Honours and appointments followed, including an Order of Australia in 1990. Lanceley became heavily involved in the fight for an independent National Art School, and ended as chairman of the NAS Advisory Board in 1994.
This was a matter of conscience for a man who was the most formidably articulate of artists. He had a passionate belief in the school's hands-on teaching traditions in an era when most colleges had become immersed in interdisciplinary theory.

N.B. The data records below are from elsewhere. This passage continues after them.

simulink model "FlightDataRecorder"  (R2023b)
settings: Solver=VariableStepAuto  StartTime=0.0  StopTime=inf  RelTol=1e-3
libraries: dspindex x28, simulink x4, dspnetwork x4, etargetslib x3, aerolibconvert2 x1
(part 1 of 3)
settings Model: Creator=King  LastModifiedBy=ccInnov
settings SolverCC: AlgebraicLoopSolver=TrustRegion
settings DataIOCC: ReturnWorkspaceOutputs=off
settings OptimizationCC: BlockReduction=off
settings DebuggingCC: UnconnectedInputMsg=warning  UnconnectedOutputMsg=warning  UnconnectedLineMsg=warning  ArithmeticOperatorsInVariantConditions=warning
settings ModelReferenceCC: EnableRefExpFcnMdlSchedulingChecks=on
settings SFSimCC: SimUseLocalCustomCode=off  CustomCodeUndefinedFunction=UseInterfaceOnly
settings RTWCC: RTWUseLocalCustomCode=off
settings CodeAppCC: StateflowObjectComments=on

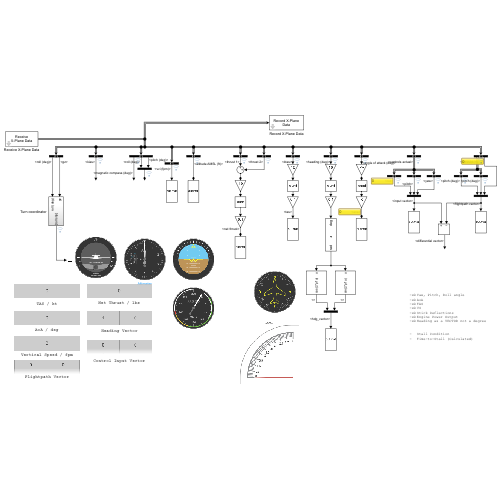
[thumbnail: Simulink's stored preview of the top-level diagram]
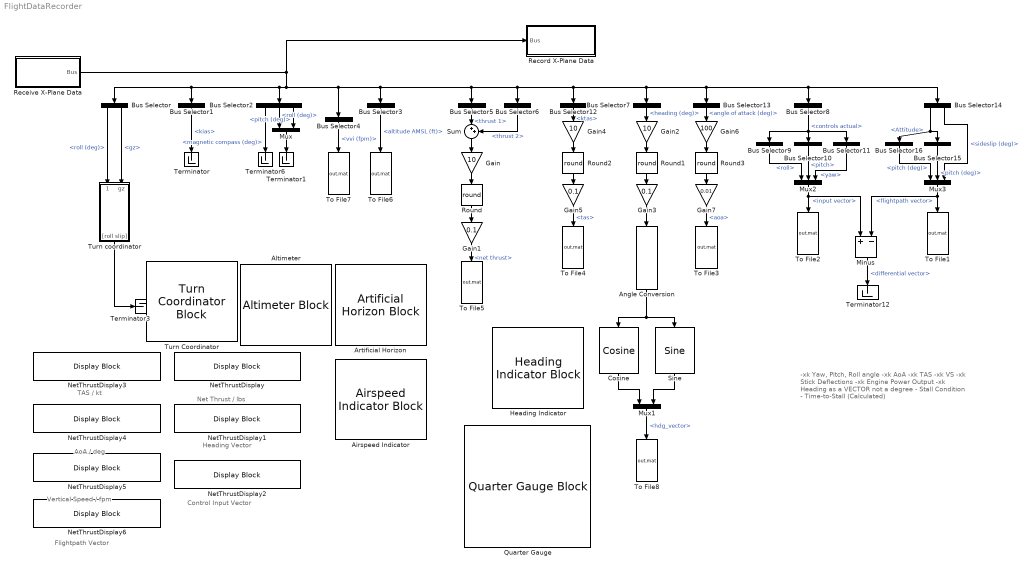
== system FlightDataRecorder ==
  note: -xk Yaw, Pitch, Roll angle
      | -xk AoA
      | -xk TAS
      | -xk VS
      | -xk Stick Deflections
      | -xk Engine Power Output
      | -xk Heading as a VECTOR not a degree
      |
      | - Stall Condition
      | - Time-to-Stall (Calculated)
  note: Net Thrust / lbs
  note: Heading Vector
  note: Control Input Vector
  note: TAS / kt
  note: AoA / deg
  note: Vertical Speed / fpm
  note: Flightpath Vector
  Airspeed Indicator : AirspeedIndicatorBlock  LabelPosition=Hide  ScaleMax=220
  Altimeter : AltimeterBlock  LabelPosition=Hide
  Angle Conversion : aerolibconvert2/Angle Conversion  IU=deg  OU=rad
  Artificial Horizon : ArtificialHorizonBlock  LabelPosition=Hide
  Bus Selector : BusSelector  OutputSignals=AHRS.Attitude.roll (deg),G-loading.gz
  Bus Selector1 : BusSelector  OutputSignals=Speeds.kias
  Bus Selector10 : BusSelector  OutputSignals=pitch
  Bus Selector11 : BusSelector  OutputSignals=yaw
  Bus Selector12 : BusSelector  OutputSignals=Speeds.ktas
  Bus Selector13 : BusSelector  OutputSignals=AHRS.Aerodynamic angles.angle of attack (deg)
  Bus Selector14 : BusSelector  OutputSignals=AHRS.Attitude,AHRS.Aerodynamic angles.sideslip (deg)
  Bus Selector15 : BusSelector  OutputSignals=pitch (deg)
  Bus Selector16 : BusSelector  OutputSignals=pitch (deg)
  Bus Selector2 : BusSelector  OutputSignals=AHRS.Compass.magnetic compass (deg),AHRS.Attitude.roll (deg),AHRS.Attitude.pitch (deg)
  Bus Selector3 : BusSelector  OutputSignals=Location.Geodetic position.altitude AMSL (ft)
  Bus Selector4 : BusSelector  OutputSignals=Speeds.vvi (fpm)
  Bus Selector5 : BusSelector  OutputSignals=Propulsion.Output.Engine thrust (lb).thrust 1
  Bus Selector6 : BusSelector  OutputSignals=Propulsion.Output.Engine thrust (lb).thrust 2
  Bus Selector7 : BusSelector  OutputSignals=AHRS.Attitude.heading (deg)
  Bus Selector8 : BusSelector  OutputSignals=Controls.Controls.controls actual
  Bus Selector9 : BusSelector  OutputSignals=roll
  Cosine : simulink/Lookup Tables/Cosine  Formula=cos(2*pi*u)  NumDataPoints=(2^5)+1  OutputWordLength=16  InternalRulePriority=Speed
  Gain : Gain  Gain=10
  Gain1 : Gain  Gain=0.1
  Gain2 : Gain  Gain=10
  Gain3 : Gain  Gain=0.1
  Gain4 : Gain  Gain=10
  Gain5 : Gain  Gain=0.1
  Gain6 : Gain  Gain=100
  Gain7 : Gain  Gain=0.01
  Heading Indicator : HeadingIndicatorBlock  LabelPosition=Hide
  Minus : Sum  Inputs=+-
  Mux : Mux  Inputs=2
  Mux1 : Mux  Inputs=2
  Mux2 : Mux  Inputs=3
  Mux3 : Mux  Inputs=3
  NetThrustDisplay{,1..6} (7 alike) : DisplayBlock  LabelPosition=Hide  Transparency=1
  Quarter Gauge : QuarterGaugeBlock  ScaleMax=3
  Receive X-Plane Data : Subsystem  mask(Receive X-Plane Data){ipaddress='127.0.0.1', sport=49000, rport=49003, Ts=0.2, p1=on, p2=on, p3=on, p4=off, p12=off, p5=off, p6=on, p7=on, p8=on, p13=off, p10=on, p9=off, p11=off, p16=off, p14=on, p15=off, p17=off, p18=off, p19=off, p20=off}
      mask prompts: ipaddress "X-Plane server IP address:"; sport "X-Plane server port:"; rport "Host data port:"; Ts "Sample time (secs)"; p1 "Time"; p2 "Speeds"; p3 "Main flight controls"; p4 "Other flight controls"; p12 "Cyclics (rotorcraft only)"; p5 "Thrust controls"; p6 "Landing gear"; p7 "AHRS data"; p8 "Engine data"; p13 "Performance data"; p10 "Forces"; p9 "Weights"; p11 "Ground effect"; p16 "Atmospheric data"; p14 "Location"; p15 "Multiplayer position data"; p17 "Power systems"; p18 "Operational systems"; p19 "NAVAID systems"; p20 "Autopilot settings"
      mask help: Configures a running instance of X-Plane to send out selected data and receives a stream of that data over UDP from X-Plane.
      mask Help: Configures a running instance of X-Plane to send out selected data and receives a stream of that data over UDP from X-Plane.
      mask DialogControl ParameterGroupVar Prompt: Network settings
      mask DialogControl Container3 Prompt: Data
      mask Display:
      | disp('Receive\nX-Plane Data')
      | %port_label('output',1,'Bus')
  Record X-Plane Data : Subsystem  mask(Record X-Plane Data){data_name='xpdata'}
      mask prompts: data_name "Data array name:"
      mask help: Records the necessary data from the data bus from the Receive X-Plane Data block for playback with the Send X-Plane Visuals block. The data store is saved to the base workspace as an array, with the X-Plane mission time for indexing the visualisation data as the first row.
      mask Help:
      | Records the necessary data from the data bus from the Receive X-Plane Data block for playback with the Send X-Plane Visuals block. The data store is saved to the base workspace as an array, with the X-Plane mission time for indexing the visualisation data as the first row.
      | 
      | The full set of data saved is:
      | 
      | > Mission time (s)
      | > Latitude (deg)
      | > Longitude (deg)
      | > Altitude MSL (m)
      | > Roll angle (deg)
      | > Pitch angle (deg)
      | > Heading (deg)
      | > Roll stick input
      | > Pitch stick input
      | > Yaw stick input
      | > Flap position
      | > Speedbrake position
      | > Gear deployment
      mask Callback data_name:
      | name = get_param(gcb,'data_name');
      | if ~strcmp(name(1),'''') || ~strcmp(name(end),'''')
      |     error('Could not update data store. Data store name must be specified as a string.',gcb);
      | else
      |     name(1) = []; name(end) = [];
      |     set_param(sprintf('%s/data store',gcb),'VariableName',name);
      | end
      mask Display:
      | disp('Record X-Plane\nData')
      | %port_label('input',1,'bus')
  Round{,1..3} (4 alike) : Rounding  Operator=round
  Sine : simulink/Lookup Tables/Sine  Formula=sin(2*pi*u)  NumDataPoints=(2^5)+1  OutputWordLength=16  InternalRulePriority=Speed
  Sum : Sum  Inputs=|++
  Terminator{,1,3,6,12} (5 alike) : Terminator
  To File1 : ToFile  Filename=out.mat  MatrixName=flightPathVector  SaveFormat=Timeseries
  To File2 : ToFile  Filename=out.mat  MatrixName=inputVector  SaveFormat=Timeseries
  To File3 : ToFile  Filename=out.mat  MatrixName=aoa  SaveFormat=Timeseries
  To File4 : ToFile  Filename=out.mat  MatrixName=tas  SaveFormat=Timeseries
  To File5 : ToFile  Filename=out.mat  MatrixName=netThrust  SaveFormat=Timeseries
  To File6 : ToFile  Filename=out.mat  MatrixName=alt  SaveFormat=Timeseries
  To File7 : ToFile  Filename=out.mat  MatrixName=vertSpeed  SaveFormat=Timeseries
  To File8 : ToFile  Filename=out.mat  MatrixName=headingVector  SaveFormat=Timeseries
  Turn Coordinator : TurnCoordinatorBlock  LabelPosition=Hide
  Turn coordinator : Subsystem
  wires:
  Receive X-Plane Data/1(Bus) -> Record X-Plane Data/1(Bus), Bus Selector/1, Bus Selector1/1, Bus Selector2/1, Bus Selector4/1, Bus Selector12/1, Bus Selector13/1, Bus Selector14/1, Bus Selector8/1, Bus Selector7/1, Bus Selector6/1, Bus Selector5/1, Bus Selector3/1
  Bus Selector1/1 -> Terminator/1  "<kias>"
  Bus Selector2/2 -> Mux/1  "<roll (deg)>"
  Bus Selector2/3 -> Mux/2  "<pitch (deg)>"
  Mux/1 -> Terminator1/1
  Bus Selector3/1 -> To File6/1  "<altitude AMSL (ft)>"
  Bus Selector/1 -> Turn coordinator/1(roll (deg))  "<roll (deg)>"
  Bus Selector/2 -> Turn coordinator/2(gz)  "<gz>"
  Turn coordinator/1("[roll slip]") -> Terminator3/1
  Bus Selector4/1 -> To File7/1  "<vvi (fpm)>"
  Bus Selector2/1 -> Terminator6/1  "<magnetic compass (deg)>"
  Bus Selector5/1 -> Sum/1  "<thrust 1>"
  Bus Selector6/1 -> Sum/2  "<thrust 2>"
  Sum/1 -> Gain/1
  Gain/1 -> Round/1
  Round/1 -> Gain1/1
  Gain1/1 -> To File5/1  "<net thrust>"
  Bus Selector7/1 -> Gain2/1  "<heading (deg)>"
  Gain2/1 -> Round1/1
  Round1/1 -> Gain3/1
  Cosine/1 -> Mux1/1
  Sine/1 -> Mux1/2
  Mux1/1 -> To File8/1  "<hdg_vector>"
  Gain3/1 -> Angle Conversion/1
  Angle Conversion/1 -> Sine/1, Cosine/1
  Bus Selector8/1 -> Bus Selector11/1, Bus Selector10/1, Bus Selector9/1  "<controls actual>"
  Bus Selector10/1 -> Mux2/2  "<pitch>"
  Bus Selector9/1 -> Mux2/1  "<roll>"
  Bus Selector11/1 -> Mux2/3  "<yaw>"
  Mux2/1 -> To File2/1, Minus/1  "<input vector>"
  Gain4/1 -> Round2/1
  Round2/1 -> Gain5/1
  Bus Selector12/1 -> Gain4/1  "<ktas>"
  Gain5/1 -> To File4/1  "<tas>"
  Round3/1 -> Gain7/1
  Gain6/1 -> Round3/1
  Gain7/1 -> To File3/1  "<aoa>"
  Bus Selector13/1 -> Gain6/1  "<angle of attack (deg)>"
  Bus Selector14/1 -> Bus Selector15/1, Bus Selector16/1  "<Attitude>"
  Bus Selector15/1 -> Mux3/2  "<pitch (deg)>"
  Bus Selector16/1 -> Mux3/1  "<pitch (deg)>"
  Bus Selector14/2 -> Mux3/3  "<sideslip (deg)>"
  Mux3/1 -> To File1/1, Minus/2  "<flightpath vector>"
  Minus/1 -> Terminator12/1  "<differential vector>"

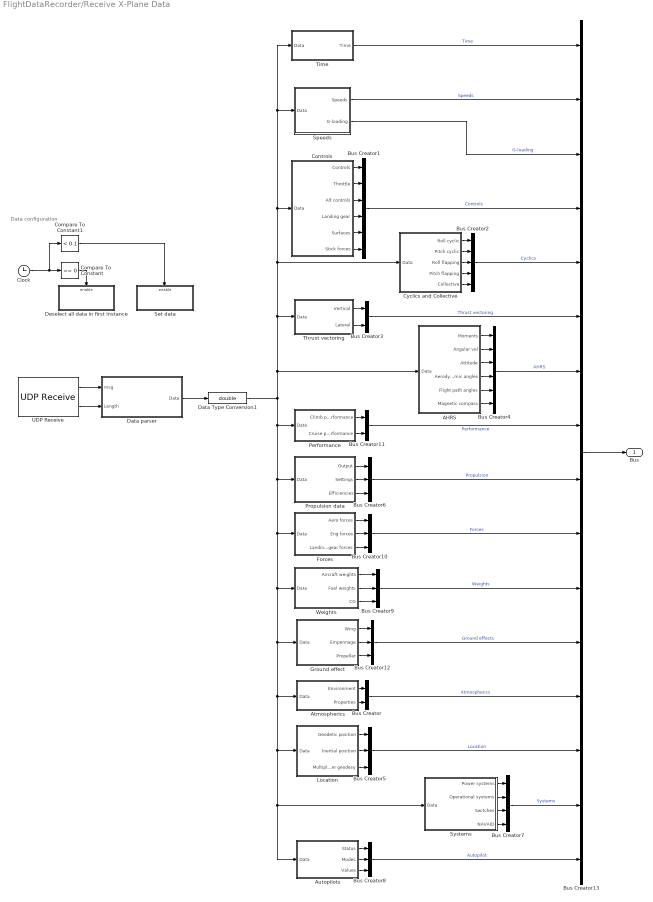
== system FlightDataRecorder/Receive X-Plane Data ==
  note: Data configuration
  AHRS : Subsystem
  Atmospherics : Subsystem
  Autopilots : Subsystem
  Bus Creator : BusCreator  Inputs=2
  Bus Creator1 : BusCreator  Inputs=6
  Bus Creator{5..6,8..10,12} (6 alike) : BusCreator  Inputs=3
  Bus Creator11 : BusCreator  Inputs=2
  Bus Creator13 : BusCreator  Inputs=16
  Bus Creator2 : BusCreator  Inputs=5
  Bus Creator3 : BusCreator  Inputs=2
  Bus Creator4 : BusCreator  Inputs=6
  Bus Creator7 : BusCreator  Inputs=4
  Clock : Clock
  Compare To Constant : simulink/Logic and Bit Operations/Compare To Constant  relop===  const=0  OutDataTypeStr=boolean
  Compare To Constant1 : simulink/Logic and Bit Operations/Compare To Constant  relop=<  const=0.1  OutDataTypeStr=boolean
  Controls : Subsystem
  Cyclics and Collective : Subsystem
  Data Type Conversion1 : DataTypeConversion  OutDataTypeStr=double  SaturateOnIntegerOverflow=off  RndMeth=Floor
  Data parser : MATLAB Function  TreatAsAtomicUnit=on
  Deselect all data in first instance : Subsystem  TreatAsAtomicUnit=on
  Forces : Subsystem
  Ground effect : Subsystem
  Location : Subsystem
  Performance : Subsystem
  Propulsion data : Subsystem
  Set data : Subsystem  TreatAsAtomicUnit=on
  Speeds : Subsystem
  Systems : Subsystem
  Thrust vectoring : Subsystem
  Time : Subsystem
  UDP Receive : dspnetwork/UDP Receive  localURL='0.0.0.0'  localPort=rport  remoteURL=ipaddress  remotePort=-1  recvBufferSize=8794  dims=4397  signalDatatype=uint8  isComplex=off  isVarSize=off  showBlockingTime=on  blockingTime=1  sampletime=Ts  blockPlatform=HOST
  Weights : Subsystem
  Bus : Outport
  wires:
  Controls/5(Surfaces) -> Bus Creator1/5
  Controls/6(Stick forces) -> Bus Creator1/6
  Controls/3(Alt controls) -> Bus Creator1/3
  Thrust vectoring/1(Vertical) -> Bus Creator3/1
  AHRS/6(Magnetic compass) -> Bus Creator4/6
  Controls/4(Landing gear) -> Bus Creator1/4
  AHRS/1(Moments) -> Bus Creator4/1
  Location/1(Geodetic position) -> Bus Creator5/1
  Systems/3(Switches) -> Bus Creator7/3
  Systems/2(Operational systems) -> Bus Creator7/2
  Weights/3(CG) -> Bus Creator9/3
  Location/2(Inertial position) -> Bus Creator5/2
  Cyclics and Collective/4(Pitch flapping) -> Bus Creator2/4
  Cyclics and Collective/2(Pitch cyclic) -> Bus Creator2/2
  Cyclics and Collective/3(Roll flapping) -> Bus Creator2/3
  AHRS/2(Angular vel) -> Bus Creator4/2
  Thrust vectoring/2(Lateral) -> Bus Creator3/2
  AHRS/3(Attitude) -> Bus Creator4/3
  AHRS/4(Aerodynamic angles) -> Bus Creator4/4
  AHRS/5(Flight path angles) -> Bus Creator4/5
  Controls/2(Throttle) -> Bus Creator1/2
  Systems/4(NAVAID) -> Bus Creator7/4
  Autopilots/2(Modes) -> Bus Creator8/2
  Autopilots/3(Values) -> Bus Creator8/3
  Location/3(Multiplayer geodesy) -> Bus Creator5/3
  Autopilots/1(Status) -> Bus Creator8/1
  Controls/1(Controls) -> Bus Creator1/1
  Weights/2(Fuel weights) -> Bus Creator9/2
  Weights/1(Aircraft weights) -> Bus Creator9/1
  Forces/1(Aero forces) -> Bus Creator10/1
  Cyclics and Collective/1(Roll cyclic) -> Bus Creator2/1
  Systems/1(Power systems) -> Bus Creator7/1
  Forces/2(Eng forces) -> Bus Creator10/2
  Forces/3(Landing gear forces) -> Bus Creator10/3
  Propulsion data/1(Output) -> Bus Creator6/1
  Ground effect/2(Empennage) -> Bus Creator12/2
  Time/1(Time) -> Bus Creator13/1  "Time"
  Propulsion data/3(Efficiencies) -> Bus Creator6/3
  Speeds/2(G-loading) -> Bus Creator13/3  "G-loading"
  Ground effect/1(Wing) -> Bus Creator12/1
  Ground effect/3(Propeller) -> Bus Creator12/3
  Propulsion data/2(Settings) -> Bus Creator6/2
  Speeds/1(Speeds) -> Bus Creator13/2  "Speeds"
  Bus Creator13/1 -> Bus/1
  Data Type Conversion1/1 -> Performance/1(Data), Forces/1(Data), Atmospherics/1(Data), Location/1(Data), Autopilots/1(Data), Systems/1(Data), Ground effect/1(Data), Weights/1(Data), Propulsion data/1(Data), AHRS/1(Data), Time/1(Data), Speeds/1(Data), Controls/1(Data), Cyclics and Collective/1(Data), Thrust vectoring/1(Data)
  Compare To Constant1/1 -> Set data/Enable
  Clock/1 -> Compare To Constant1/1, Compare To Constant/1
  Compare To Constant/1 -> Deselect all data in first instance/Enable
  UDP Receive/1 -> Data parser/1(msg)
  Data parser/1(Data) -> Data Type Conversion1/1
  UDP Receive/2 -> Data parser/2(Length)
  Cyclics and Collective/5(Collective) -> Bus Creator2/5
  Performance/1(Climb performance) -> Bus Creator11/1
  Performance/2(Cruise performance) -> Bus Creator11/2
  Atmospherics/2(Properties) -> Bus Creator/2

Over the last decade of his life Lanceley grew gradually more distant from an artworld for which he felt little affinity. He believed art was a vocation, not a profession, and disliked the scene's increasingly bureaucratic tendencies. In many ways Lanceley remained an inspired amateur, preferring to remain in the studio rather than spend his time networking. He had always worked slowly, revising each piece innumerable times before it was released for exhibition. While he knew that perfection in art was impossible, he strived to get closer and closer. Integrity was far more important than productivity.
Lanceley's later works were looser than before, with parts of the background drawing left visible. There was the same devotion to beauty that makes one think of Matisse in his sickbed, drawing on the wall with a long stick. Although his energy may have been sapped by a chronic heart condition, Lanceley's late paintings retain the same buoyant, positive feeling that was present in his groundbreaking works of the 1960s, and those of his triumphant homecoming in the early 1980s. For over half a century his approach never wavered.
Colin Lanceley is survived by Kay, sons Tristan and Felix and sisters Gaynor and Joy.